Allunaggio e l'errore 1202: quando il software salvò la missione
La vera prova dell'AGC si ebbe il 20 luglio 1969, durante la fase di discesa del modulo lunare Eagle. Mentre Neil Armstrong e Buzz Aldrin scendevano verso la superficie, il computer iniziò a mostrare ripetutamente l'errore 1202 e successivamente 1201, segnalando un sovraccarico dell'esecutivo. Si trattava di allarmi di “core set busy”, ossia di saturazione della memoria dovuta a interruzioni radar non necessarie che sottraevano cicli di calcolo. A terra, al Mission Control di Houston, il giovane ingegnere informatico Jack Garman, che aveva studiato a fondo ogni possibile codice di errore, riconobbe immediatamente la situazione e diede il via libera per proseguire, perché il sistema operativo dell'AGC era stato progettato con una priorità elegante: in caso di sovraccarico, il software interrompeva i processi meno critici e manteneva quelli vitali, come il controllo del motore di discesa e la navigazione. L'AGC continuò quindi a pilotare l'Eagle mentre Armstrong assumeva il controllo manuale per evitare un campo di massi, consumando quasi tutto il carburante residuo. L'allunaggio riuscì con appena 25 secondi di propellente rimasto. Fu un trionfo dell'ingegneria del software: il sistema operativo dell'AGC, con la sua architettura multitasking a priorità fissa e la capacità di recuperare fault in volo, anticipava di decenni i moderni sistemi real‑time. Ogni riga di codice era stata verificata manualmente e simulata centinaia di volte; la lungimiranza dei progettisti del MIT aveva previsto che l'imprevisto sarebbe stato la norma, non l'eccezione. Dopo il successo dell'Apollo 11, l'AGC continuò a guidare tutti gli allunaggi successivi, dall'Apollo 12 fino al drammatico rientro dell'Apollo 13, dove le sue capacità di gestire risorse limitate furono determinanti per calibrare la traiettoria di rientro utilizzando la spinta del modulo di comando con un'accuratezza millimetrica.

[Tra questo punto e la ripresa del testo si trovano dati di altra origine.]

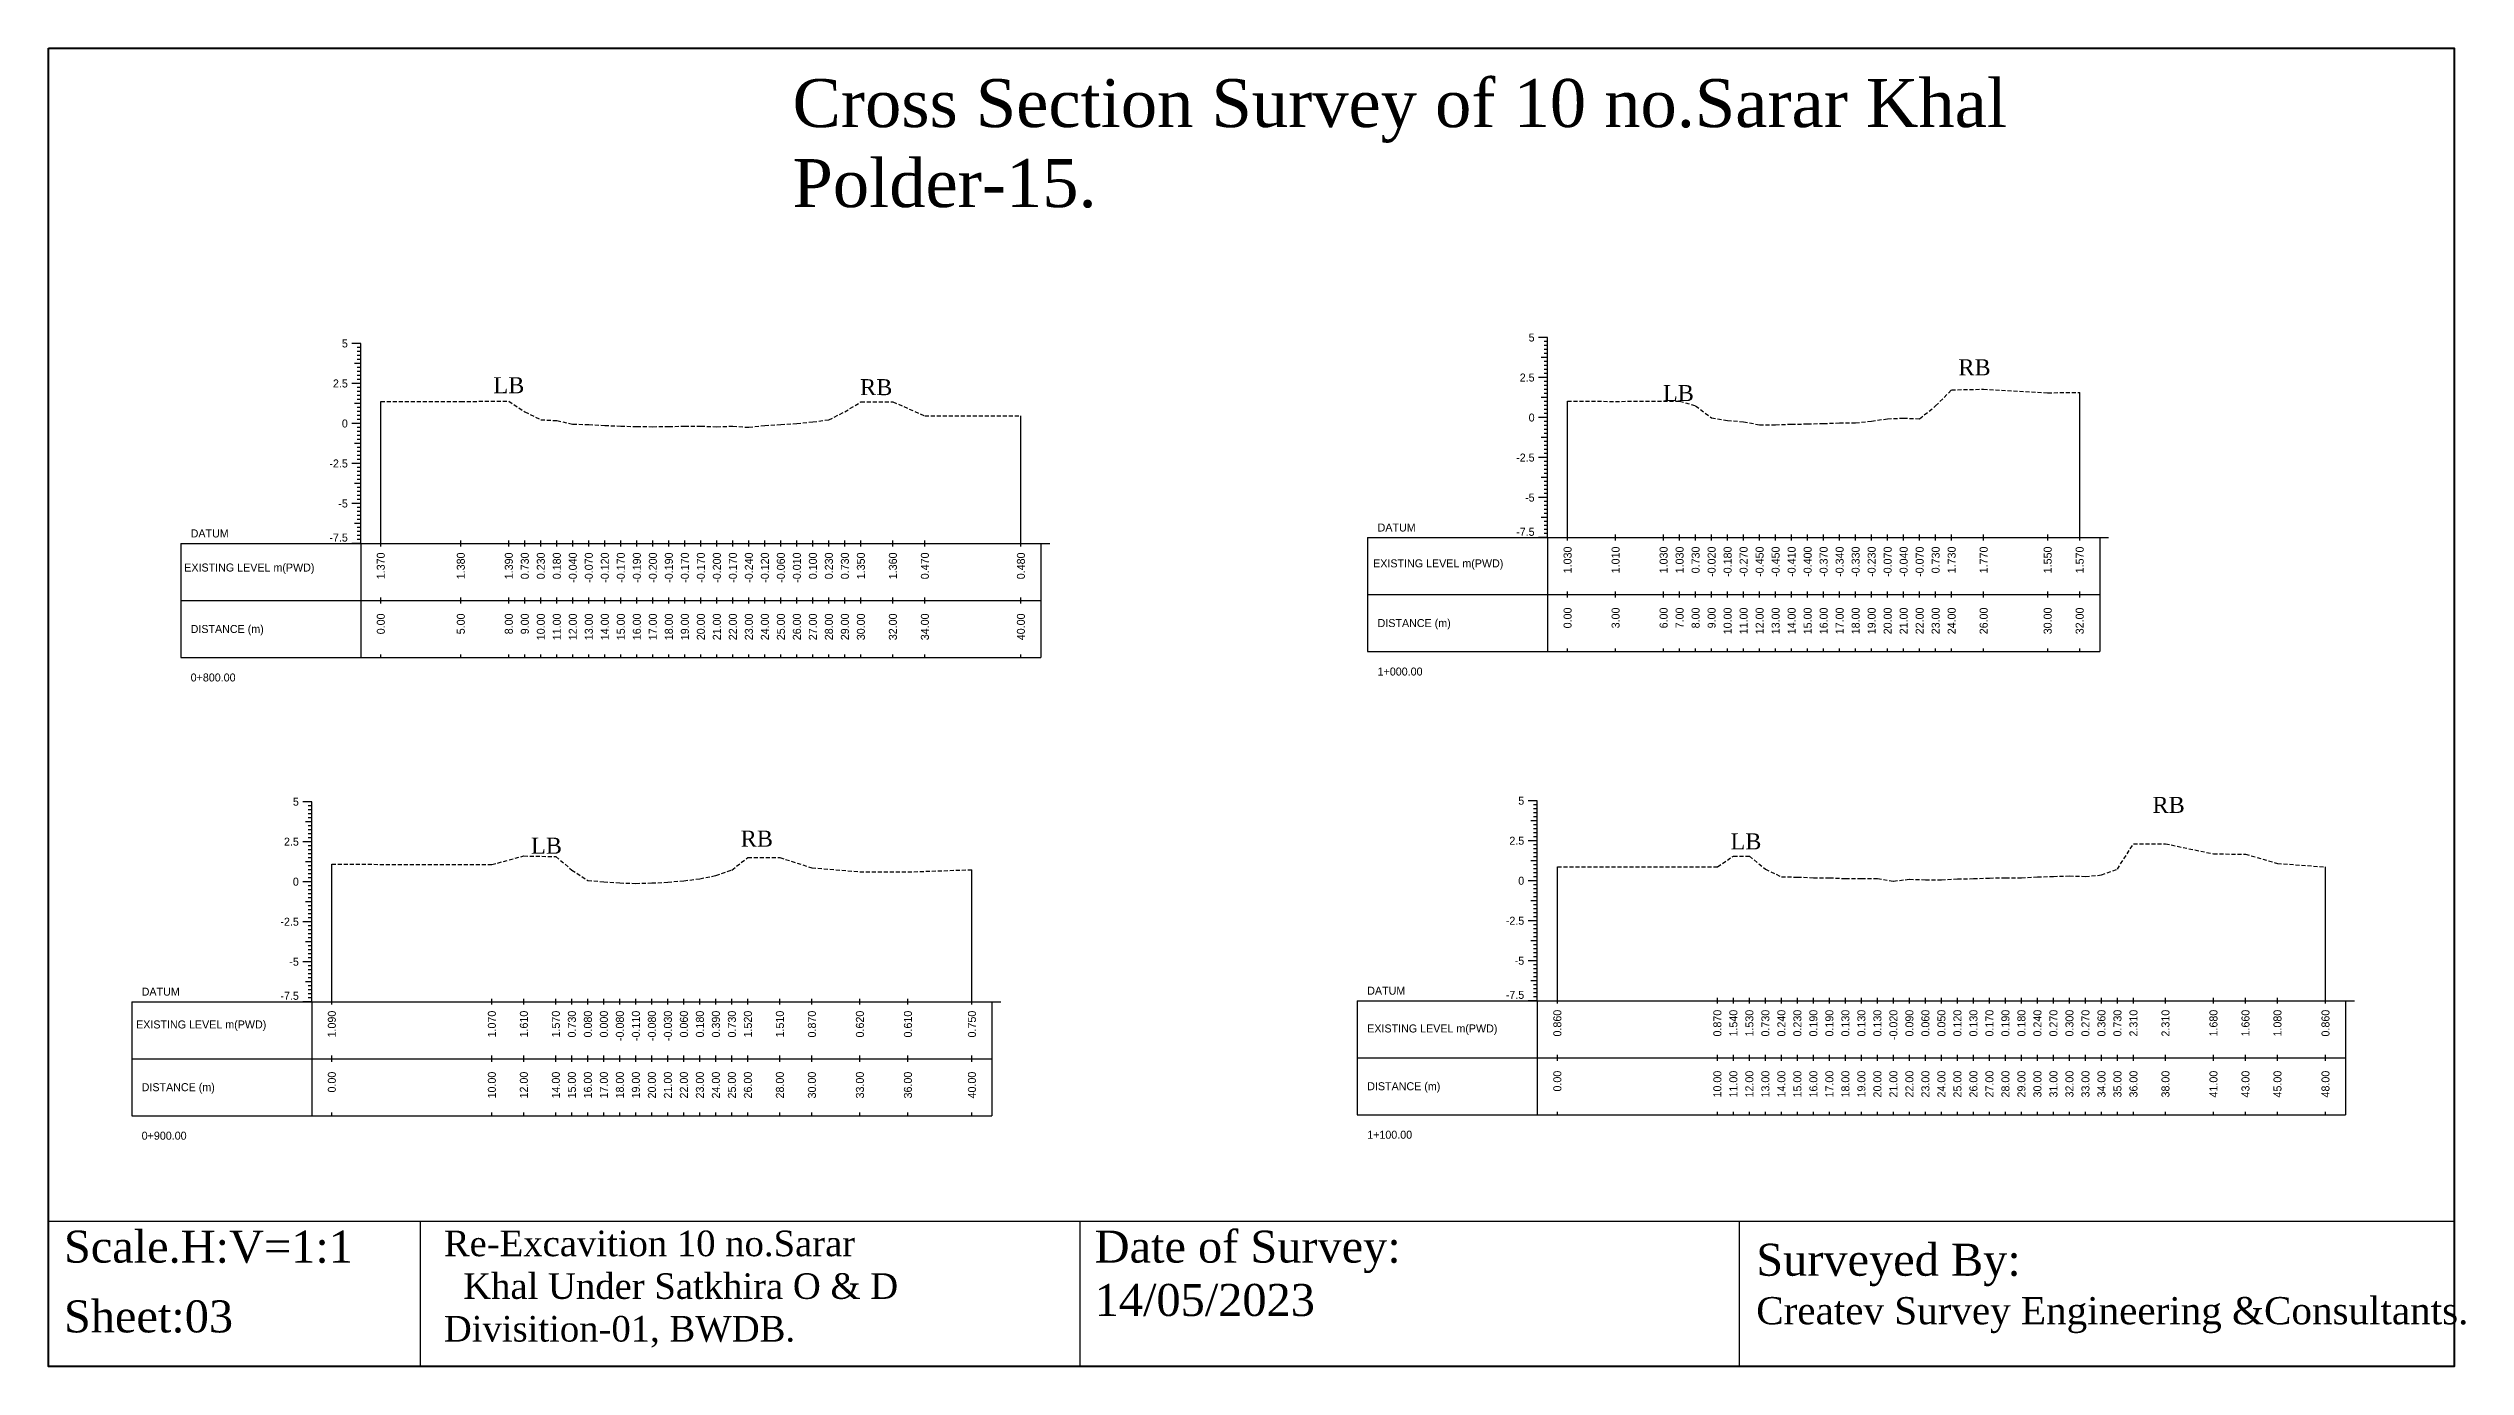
# Model space of a CAD drawing. Header units: inches. Extents: x 4752 to 6808, y -1487 to -426.
# Drawn here: x 4751.7 to 4902.7, y -1313.9 to -1231.5 of the extents above; entities that cross this region are included whole.
import ezdxf
from ezdxf.enums import TextEntityAlignment as Align

# ---------------------------------------------------------------- set-up
doc = ezdxf.new("R2010")
doc.units = ezdxf.units.IN
doc.header["$MEASUREMENT"] = 0
doc.linetypes.add('HIDDEN', pattern=[0.375, 0.25, -0.125])
doc.layers.add('CS_Drawing', color=7, linetype='Continuous')
doc.layers.add('GL', color=3, linetype='HIDDEN')
doc.styles.add('romans', font='romans.shx')

msp = doc.modelspace()

# ---------------------------------------------------------------- linework, layer by layer
at = {"color": 4, "lineweight": 40}
msp.add_lwpolyline([(4751.66, -1231.49), (4902, -1231.49), (4902, -1313.86), (4751.66, -1313.86)], close=True, dxfattribs=at)
for points in [[(4902, -1231.49), (4902, -1313.86)], [(4751.66, -1304.78), (4902, -1304.78)], [(4751.66, -1304.78), (4751.66, -1313.86)], [(4774.9, -1304.78), (4774.9, -1313.86)], [(4816.11, -1304.78), (4816.11, -1313.86)], [(4857.31, -1304.78), (4857.31, -1313.86)]]:
    msp.add_lwpolyline(points)
at = {"layer": 'CS_Drawing'}
for p, q in [((4771.18, -1249.93), (4770.62, -1249.93)), ((4771.18, -1249.93), (4770.78, -1249.93)), ((4771.18, -1249.93), (4770.95, -1249.93)), ((4771.18, -1250.18), (4770.95, -1250.18)), ((4771.18, -1250.43), (4770.95, -1250.43)), ((4771.18, -1250.68), (4770.95, -1250.68)), ((4771.18, -1262.43), (4771.18, -1249.93)), ((4845.34, -1249.56), (4844.78, -1249.56)), ((4845.34, -1249.56), (4844.95, -1249.56)), ((4845.34, -1249.56), (4845.12, -1249.56)), ((4845.34, -1249.81), (4845.12, -1249.81)), ((4845.34, -1250.06), (4845.12, -1250.06)), ((4845.34, -1250.31), (4845.12, -1250.31)), ((4845.34, -1250.56), (4845.12, -1250.56)), ((4845.34, -1262.06), (4845.34, -1249.56)), ((4771.18, -1251.18), (4770.78, -1251.18)), ((4771.18, -1250.93), (4770.95, -1250.93)), ((4771.18, -1251.18), (4770.95, -1251.18)), ((4771.18, -1251.43), (4770.95, -1251.43)), ((4771.18, -1251.68), (4770.95, -1251.68)), ((4771.18, -1251.93), (4770.95, -1251.93)), ((4771.18, -1252.18), (4770.95, -1252.18)), ((4845.34, -1252.06), (4844.78, -1252.06)), ((4845.34, -1250.81), (4844.95, -1250.81)), ((4845.34, -1252.06), (4844.95, -1252.06)), ((4845.34, -1250.81), (4845.12, -1250.81)), ((4845.34, -1251.06), (4845.12, -1251.06)), ((4845.34, -1251.31), (4845.12, -1251.31)), ((4845.34, -1251.56), (4845.12, -1251.56)), ((4845.34, -1251.81), (4845.12, -1251.81)), ((4845.34, -1252.06), (4845.12, -1252.06)), ((4771.18, -1252.43), (4770.62, -1252.43)), ((4771.18, -1252.43), (4770.78, -1252.43)), ((4771.18, -1253.68), (4770.78, -1253.68)), ((4771.18, -1252.43), (4770.95, -1252.43)), ((4771.18, -1252.68), (4770.95, -1252.68)), ((4771.18, -1252.93), (4770.95, -1252.93)), ((4771.18, -1253.18), (4770.95, -1253.18)), ((4771.18, -1253.43), (4770.95, -1253.43)), ((4771.18, -1253.68), (4770.95, -1253.68)), ((4772.43, -1262.43), (4772.43, -1253.56)), ((4845.34, -1253.31), (4844.95, -1253.31)), ((4845.34, -1252.31), (4845.12, -1252.31)), ((4845.34, -1252.56), (4845.12, -1252.56)), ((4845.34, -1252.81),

L'eredità tecnologica dell'AGC e il cammino verso i computer moderni
L'influenza dell'Apollo Guidance Computer si estese ben oltre il programma lunare. I circuiti integrati prodotti per la NASA stimolarono l'industria dei semiconduttori, abbattendone i costi e migliorandone l'affidabilità, dando un impulso formidabile alla nascente Silicon Valley. Le tecniche di programmazione sviluppate per l'AGC – come il threading a priorità, la gestione delle eccezioni e la tolleranza ai guasti – sono oggi parte integrante di ogni sistema embedded critico, dagli aerei di linea agli impianti medicali. L'architettura a memoria fissa intrecciata a mano, pur obsoleta dal punto di vista produttivo, rappresentò un vertice di artigianalità digitale mai più raggiunto. Sul fronte umano, l'AGC dimostrò per la prima volta che un computer poteva essere un compagno di viaggio, un'estensione della volontà degli astronauti, piuttosto che un oracolo inaccessibile. Il design del DSKY, con i suoi numeri verdi fluorescenti e la tastiera semplificata, divenne un'icona della cultura spaziale e ispirò generazioni di interfacce uomo‑macchina. Oggi, mentre i nostri smartphone vantano capacità di calcolo miliardi di volte superiori, l'AGC rimane il simbolo di come l'ingegno umano possa superare limitazioni hardware apparentemente invalicabili quando è animato da una visione audace. La luna, conquistata con appena 4 kilobyte di RAM e un processore meno potente di un moderno biglietto di auguri musicale, ci ricorda che il vero motore dell'esplorazione non è la potenza bruta, ma l'intelligenza del progetto.
L'AGC non era un computer nel senso contemporaneo del termine, ma un sistema di navigazione, un pilota automatico e un risolutore di crisi racchiuso in una scatola di magnesio. Senza di esso, il primo passo sulla Luna sarebbe rimasto un sogno.